They also showed me that math is all around us and is used for more things than we can imagine. The most important thing was that they made me excited and curious to learn more. I discovered several channels on YouTube where they would explain science concepts in a fun and interesting way. We were simply told to memorize a bunch of formulas and use them without knowing how or why they worked.īut one day everything changed. In school, science didn’t interest me because the lessons were not exciting.

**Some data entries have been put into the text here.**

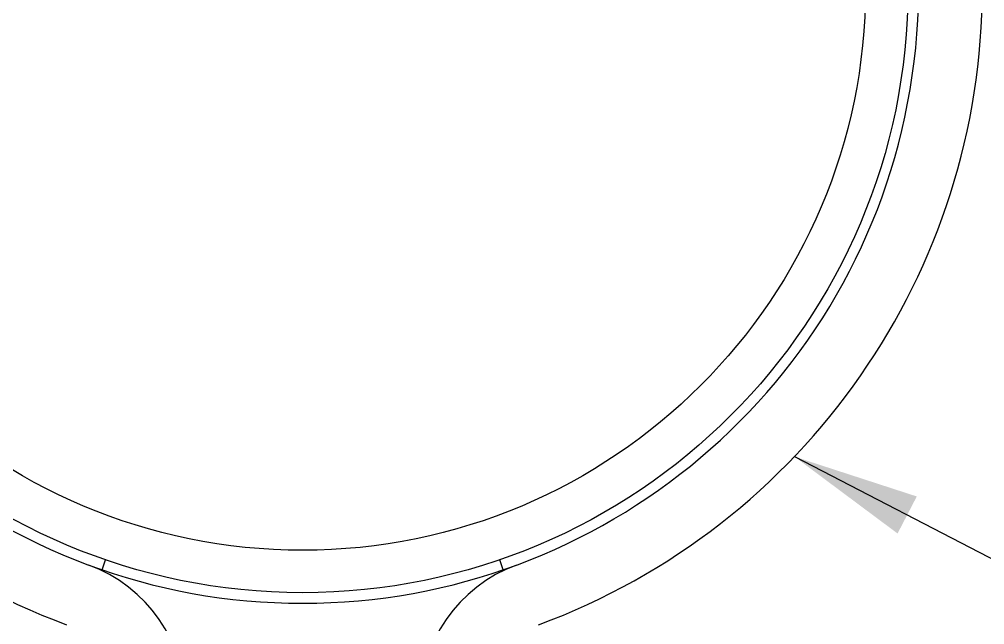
# Model space of a CAD drawing. Extents: x 1680110 to 4798266, y 269661 to 1249705.
# Drawn here: x 2398483 to 2399243, y 652799 to 653276 of the extents above; entities that cross this region are included whole.
import ezdxf

# ---------------------------------------------------------------- set-up
doc = ezdxf.new("R2010")
doc.units = 0
doc.header["$LTSCALE"] = 1000
doc.header["$MEASUREMENT"] = 0
doc.styles.get("Standard").update_dxf_attribs({"font": 'gbenor.shx', "bigfont": 'gbcbig.shx'})
doc.dimstyles.get("Standard").update_dxf_attribs({"dimscale": 100, "dimtxt": 3.5, "dimasz": 1, "dimexe": 2.5, "dimexo": 3, "dimgap": 1.5, "dimtad": 1, "dimdec": 0, "dimzin": 0, "dimdsep": 46, "dimtxsty": 'Standard', "dimblk": 'ARCHTICK', "dimcen": 0.09, "dimadec": 0, "dimazin": 0, "dimtfac": 1, "dimtdec": 0, "dimtix": 1, "dimtmove": 2, "dimatfit": 3, "dimfxl": 1, "dimtolj": 1, "dimtzin": 0, "dimarcsym": 0})

# ---------------------------------------------------------------- blocks, each defined once
blk = doc.blocks.new('gfhhrryyfd')
at = {"linetype": 'Continuous'}
for p, q in [((3687341.47, -1754602.24), (3687344.2, -1754594.33)), ((3687657.33, -1754602.24), (3687654.61, -1754594.33))]:
    blk.add_line(p, q, dxfattribs=at)
for radius in [476.72, 443.27]:
    blk.add_circle((3687499.4, -1754143.58), radius, dxfattribs=at)
for centre, radius, start, end in [((3687499.4, -1754143.58), 535.27, 110.31751, 249.68249), ((3687499.4, -1754143.58), 535.27, 290.31751, 69.68249), ((3687499.4, -1754143.58), 485.08, 109, 71), ((3687290.31, -1754708.29), 117.09, 0, 69.68249), ((3687708.49, -1754708.29), 117.09, 110.31751, 180)]:
    blk.add_arc(centre, radius, start, end, dxfattribs=at)
blk.add_leader([(3687886.7, -1754513.05), (3688419.45, -1754789.03)], dimstyle='Standard', override={"dimgap": 20, "dimtad": 0})

msp = doc.modelspace()

# ---------------------------------------------------------------- block references
at = {"lineweight": -3, "xscale": 0.9999959468841553, "yscale": 0.9999959506094456, "zscale": 0.9999959495959999}
msp.add_blockref('gfhhrryyfd', (-1288778.82, 2407437.34), dxfattribs=at)

doc.saveas('drawing.dxf')

I love learning about new concepts from science, math and technology, although it was not always like that. At the moment I’m finishing my Master’s and after that I would like to start a PhD, as I also like research and teaching. This equation is equivalent to I D 4 / 64 when we express it taking the diameter (D) of the circle. Here, R is the radius and the axis is passing through the centre. Apart from my passion for science, I also enjoy learning new languages, and so I decided to move to Austria to improve my German while studying Engineering. Moment of inertia of a circle or the second-moment area of a circle is usually determined using the following expression I R 4 / 4. In 2015 I moved to Austria to start studying Mechanical Engineering, as I had always wanted to study abroad. I.My name is Alvaro Nebreda and I was born in Spain in 1996. of a disc of mass 0.5 kg and radius 10 cmĪbout an axis passing through its centre and at right angles to its plane. Moment of inertia about an axis tangent to ring and perpendicular to its plane is 0.0625 kgm 2Ĭalculate the M.I. Moment of inertia about an axis tangent to ring andĪns: Moment of inertia about its diameter is 0.0625 kgm 2. Given: Mass of Ring = M = 500 g = 0.5 kg, Radius of ring = R Radius 0.5 m about an axis of rotation coinciding with its diameter and tangent Moment of inertia about an axis tangent to the ring and its plane is 0.09375 kgm 2Ĭalculate the moment of inertia of a ring of mass 500 g and Moment of inertia about its diameter is 0.03125 kgm 2. Moment of inertia about a transverse axis passing through its circumference is 0.125 kgm 2. I = 3/2MR 2 = 3/2 x (0.25 x (0.5) 2) = 3/2Īns: Moment of inertia about a transverse axis passing through its centre is 0.0625 kgm 2. Moment of inertia about an axis tangent to the ring and its Moment of inertia about its diameter is given by Moment of inertia about a transverse axis passing through
Perpendicular to its plane iii) diameter. To the plane and ii) an axis passing through a point on its circumference, Moment of inertia about i) an axis passing through its centre and perpendicular
Point 20 cm from one end is 4.16 x 10-3 kg m 2Ī thin ring has mass 0.25 kg and radius 0.5 m. Of inertia of the thin uniform rod about a transverse axis passing through a Uniform rod about a transverse axis passing through its end is 0.008 kg m 2, Moment Of inertia of the thin uniform rod about a transverse axis passing through itsĬentre is 0.002 kg m 2, Moment of inertia of the thin Given: Mass of rod = M = 0.024 kg, length of rod = l = 1 m. of a thin uniform rod 1 m long and weighingĠ.024 kg about a transverse axis passing through (1) its centre (2) one end (3) Thin uniform rod about a transverse axis passing through its end is 0.012 kg m 2.įind the M. Inertia of the thin uniform rod about a transverse axis passing through its endĬentre is 0.003 kg m 2 and the moment of inertia of the Inertia of the thin uniform rod about a transverse axis passing through its Given: Mass of rod = M = 100 g = 0.1 kg, length of rod = l Length 60 cm about an axis perpendicular to its length and passing through (1) The required axis is 0.1458 kg m 2, and radius of gyration is0.3818 mĬalculate the M.